How to Identify the Root Cause of HA Firewall Non-Functional States and Failovers
Objective
- Identify the root cause of HA firewall non-functional states.
- Restore the HA firewalls to a healthy, redundant state.
Environment
- Palo Alto Networks Firewalls
- High Availability (HA) active/passive or active/active
Procedure
- Find the reason for non-functional state of a firewall in HA by accessing its peer:
- Check the UI: high-availability dashboard. Navigate to DASHBOARD > High-Availability widget.
-
- Check the output of the CLI command:
> show high-availability all- Look under the "Peer Information" for the State Reason.

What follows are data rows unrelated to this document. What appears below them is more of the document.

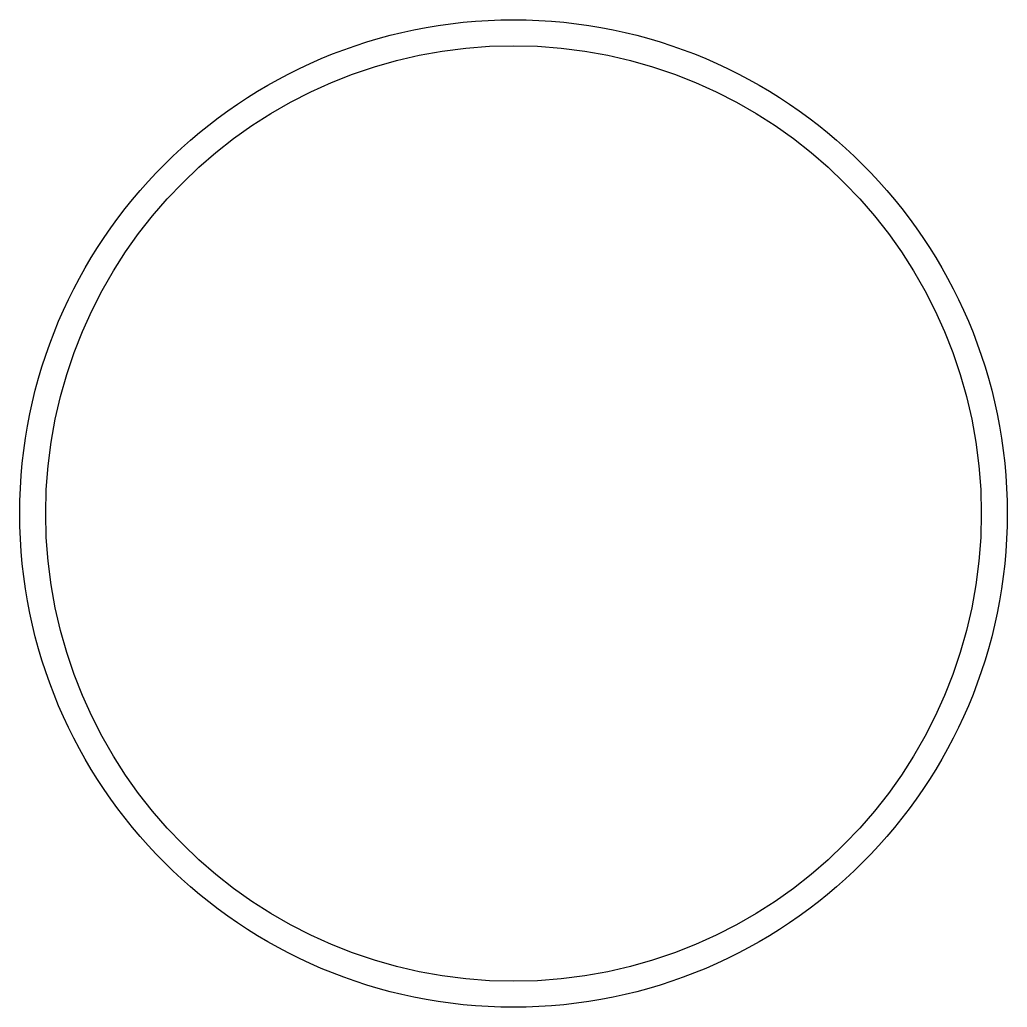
# Model space of a CAD drawing. Extents: x 1306.4 to 1372.9, y 657.3 to 723.9.
import ezdxf

# ---------------------------------------------------------------- set-up
doc = ezdxf.new("R2010")
doc.units = 0
doc.header["$LTSCALE"] = 0.5
doc.layers.get('0').update_dxf_attribs({"linetype": 'CONTINUOUS'})

msp = doc.modelspace()

# ---------------------------------------------------------------- linework, layer by layer
at = {"color": 0, "linetype": 'CONTINUOUS'}
for radius in [33.275, 31.525]:
    msp.add_circle((1339.668, 690.625), radius, dxfattribs=at)

doc.saveas('drawing.dxf')

Peer Information: Connection status: up Version: 1 Mode: Active-Passive State: non-functional (last 28 minutes) State Reason: State synchronization mismatch <<<<< - The various reasons why a firewall in HA goes into non-functional State are listed here:
- Dataplane down: dataplane exit failure
- Dataplane down: brdagent exiting
- Slot x: slot down: brdagent exiting
- Dataplane down: path monitor failure
- Link down
- Path down
- Policy push to dataplane failed
- Mode mismatch between peers
- State synchronization mismatch
- A/A mode device-id overlap
- A/A mode packet-forward mismatch
- A/A mode session load share mismatch
- A/A mode QOS config sync mismatch
- A/A mode router config sync mismatch
- Peer version not compatible only seen for Panorama covered under
- URL vendor mismatch
- HA3 link is down
- HA2 IPv4/IPv6 mismatch with peer
- HA2-backup IPv4/IPv6 mismatch with peer
- HA2 port mismatches with peer
- HA2-backup port mismatches with peer
- Local and peer HA1 IP mismatches
- Group ID mismatch between peers
- System monitor failure
- Waiting for tentative-hold-time
- Waiting for policy push to dataplane
- Waiting for state synchronization completion
- VM License mismatches with peer
- Version mismatches with peer for VMS
- GTP enable mismatches with peer
- SCTP enable mismatches with peer
- NAT oversubscription mismatch
- Drive error detected
- The remediation steps for each of these causes are listed below:
- Dataplane down: dataplane exit failure : To start the investigation on this issue open a support case.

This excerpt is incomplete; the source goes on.